[Dataset excerpts]
* * *

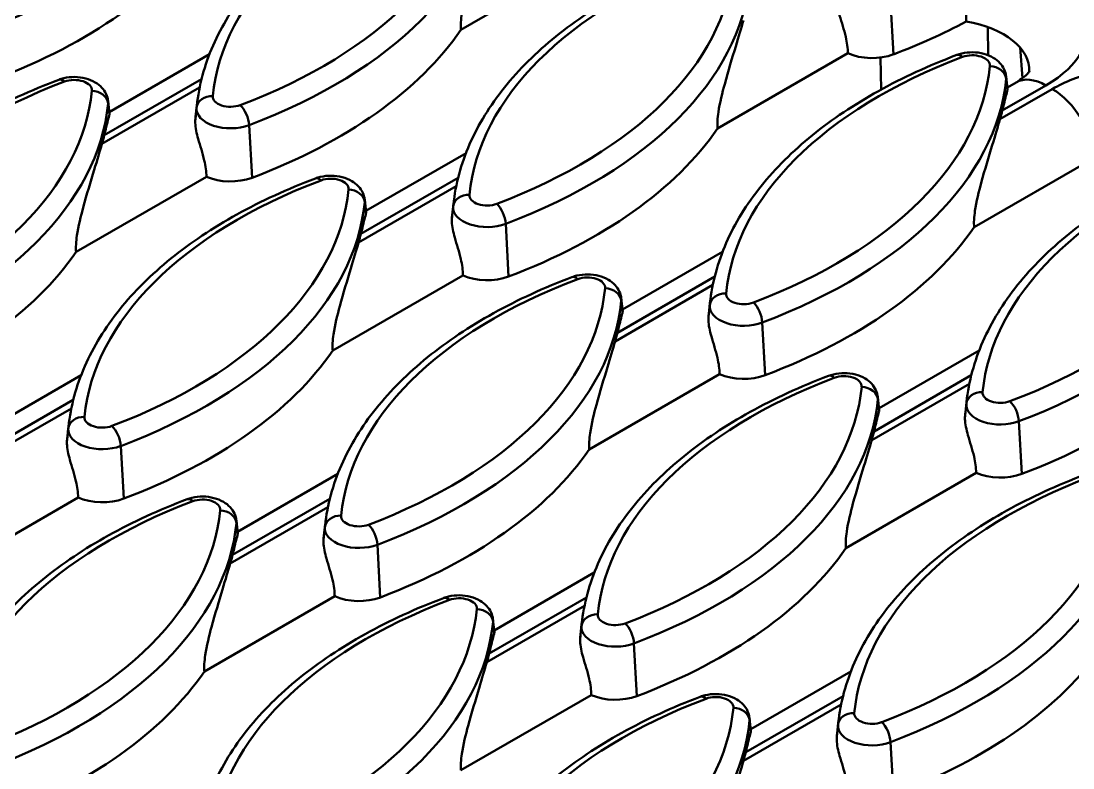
# Model space of a CAD drawing. Header units: millimetres. Extents: x 0 to 2774, y -40 to 1485.
# Drawn here: x 289.74 to 338.05, y 333.75 to 368.07 of the extents above; entities that cross this region are included whole.
import ezdxf

# ---------------------------------------------------------------- set-up
doc = ezdxf.new("R2010")
doc.units = ezdxf.units.MM
doc.header["$LTSCALE"] = 2.5
doc.layers.add('Sichtbar (ISO)', color=7, linetype='Continuous', lineweight=50)
doc.layers.add('Sichtbar schmal (ISO)', color=7, linetype='Continuous', lineweight=50)

msp = doc.modelspace()

# ---------------------------------------------------------------- linework, layer by layer
at = {"layer": 'Sichtbar (ISO)'}
for p, q in [((309.945, 367.665), (315.931, 371.121)), ((293.794, 363.883), (298.393, 366.538)), ((321.731, 363.128), (327.717, 366.584)), ((334.988, 365.521), (335.05, 364.934)), ((335.042, 365.017), (335.44, 365.247)), ((293.74, 364.387), (293.803, 363.8)), ((297.811, 364.171), (297.759, 363.685)), ((305.579, 359.347), (310.178, 362.002)), ((333.516, 358.592), (339.043, 361.783)), ((292.268, 357.458), (298.254, 360.914)), ((305.525, 359.851), (305.588, 359.264)), ((309.597, 359.635), (309.544, 359.148)), ((317.364, 354.811), (321.963, 357.466)), ((304.053, 352.922), (310.039, 356.378)), ((317.31, 355.315), (317.373, 354.728)), ((321.382, 355.099), (321.329, 354.612)), ((329.149, 350.275), (333.748, 352.93)), ((287.901, 349.141), (292.5, 351.796)), ((315.838, 348.386), (321.824, 351.842)), ((329.095, 350.778), (329.158, 350.192)), ((333.167, 350.562), (333.115, 350.076)), ((291.919, 349.428), (291.867, 348.942)), ((299.686, 344.604), (304.285, 347.26)), ((327.623, 343.85), (333.609, 347.306)), ((286.375, 342.716), (292.361, 346.172)), ((299.632, 345.108), (299.695, 344.522)), ((303.704, 344.892), (303.652, 344.406)), ((311.471, 340.068), (316.07, 342.724)), ((298.16, 338.18), (304.146, 341.636)), ((311.417, 340.572), (311.48, 339.986)), ((315.489, 340.356), (315.437, 339.87)), ((323.257, 335.532), (327.855, 338.187)), ((309.945, 333.644), (315.931, 337.1)), ((323.202, 336.036), (323.265, 335.45)), ((327.274, 335.82), (327.222, 335.334))]:
    msp.add_line(p, q, dxfattribs=at)
for centre, major_axis, start_param, end_param in [((274.812, 377.529), (25.106, 0), 5.2921, 5.906759), ((316.06, 378.663), (-25.106, 0), 2.150508, 2.319233), ((332.05, 365.82), (4, 0), 6.248142, 7.576846), ((286.597, 372.993), (25.106, 0), 5.2921, 5.906759), ((328.823, 367.409), (-1.806, 0), 0.911322, 2.150508), ((310.167, 365.962), (24.887, 0), 6.114898, 6.142932), ((298.382, 368.457), (25.106, 0), 5.2921, 5.906759), ((268.919, 364.828), (24.887, 0), 6.114898, 6.142932), ((299.36, 361.739), (-1.806, 0), 0.911322, 2.150508), ((310.167, 363.921), (25.106, 0), 5.2921, 5.906759), ((280.705, 360.292), (24.887, 0), 6.114898, 6.142932), ((268.919, 362.787), (25.106, 0), 5.2921, 5.906759), ((311.146, 357.202), (-1.806, 0), 0.911322, 2.150508), ((292.49, 355.756), (24.887, 0), 6.114898, 6.142932), ((321.952, 359.385), (25.106, 0), 5.2921, 5.906759), ((280.705, 358.251), (25.106, 0), 5.2921, 5.906759), ((322.931, 352.666), (-1.806, 0), 0.911322, 2.150508), ((304.275, 351.22), (24.887, 0), 6.114898, 6.142932), ((292.49, 353.715), (25.106, 0), 5.2921, 5.906759), ((334.716, 348.13), (-1.806, 0), 0.911322, 2.150508), ((293.468, 346.996), (-1.806, 0), 0.911322, 2.150508), ((274.812, 345.55), (24.887, 0), 6.114898, 6.142932), ((304.275, 349.178), (25.106, 0), 5.2921, 5.906759), ((305.253, 342.46), (-1.806, 0), 0.911322, 2.150508), ((316.06, 344.642), (25.106, 0), 5.2921, 5.906759), ((286.597, 341.013), (24.887, 0), 6.114898, 6.142932), ((274.812, 343.508), (25.106, 0), 5.2921, 5.906759), ((317.038, 337.924), (-1.806, 0), 0.911322, 2.150508), ((298.382, 336.477), (24.887, 0), 6.114898, 6.142932)]:
    msp.add_ellipse(centre, major_axis=major_axis, ratio=0.57735, start_param=start_param, end_param=end_param, dxfattribs=at)
for points, knots in [([(309.15, 375.578), (307.869, 375.094), (306.663, 374.539), (304.44, 373.306), (303.423, 372.627), (301.614, 371.162), (300.822, 370.376), (299.492, 368.718), (298.955, 367.846), (298.165, 366.042), (297.912, 365.111), (297.811, 364.171)], [2.9359057, 2.9359057, 2.9359057, 2.9359057, 3.121742, 3.121742, 3.3075784, 3.3075784, 3.4934147, 3.4934147, 3.6792511, 3.6792511, 3.8650875, 3.8650875, 3.8650875, 3.8650875]), ([(311.133, 372.627), (311.034, 372.291), (310.913, 371.884), (310.618, 370.902), (310.437, 370.312), (310.169, 369.326), (310.048, 368.844), (309.966, 368.286), (309.95, 368.145), (309.936, 367.886), (309.937, 367.767), (309.945, 367.665)], [3.485316, 3.485316, 3.485316, 3.485316, 3.831228, 3.831228, 4.242869, 4.242869, 4.503948, 4.503948, 4.581698, 4.581698, 4.653464, 4.653464, 4.653464, 4.653464]), ([(334.976, 371.366), (334.725, 371.197), (334.474, 370.968), (334.009, 370.426), (333.796, 370.117), (333.465, 369.496), (333.339, 369.19), (333.177, 368.593), (333.138, 368.31), (333.144, 368.042)], [-0.8394654, -0.8394654, -0.8394654, -0.8394654, -0.6084187, -0.6084187, -0.3820003, -0.3820003, -0.1850439, -0.1850439, 0, 0, 0, 0]), ([(320.935, 371.042), (319.654, 370.558), (318.448, 370.003), (316.225, 368.77), (315.208, 368.091), (313.399, 366.626), (312.607, 365.84), (311.277, 364.182), (310.74, 363.31), (309.95, 361.506), (309.697, 360.575), (309.597, 359.635)], [2.9359057, 2.9359057, 2.9359057, 2.9359057, 3.121742, 3.121742, 3.3075784, 3.3075784, 3.4934147, 3.4934147, 3.6792511, 3.6792511, 3.8650875, 3.8650875, 3.8650875, 3.8650875]), ([(327.717, 366.584), (327.714, 366.82), (327.678, 367.075), (327.542, 367.665), (327.429, 368.003), (327.305, 368.44), (327.272, 368.571), (327.222, 368.824), (327.207, 368.947), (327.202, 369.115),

* * *

Goal of the exercise -
Please give the number of lines in the data above where the word "Continuous" appears, and nothing besides.

Output below -
2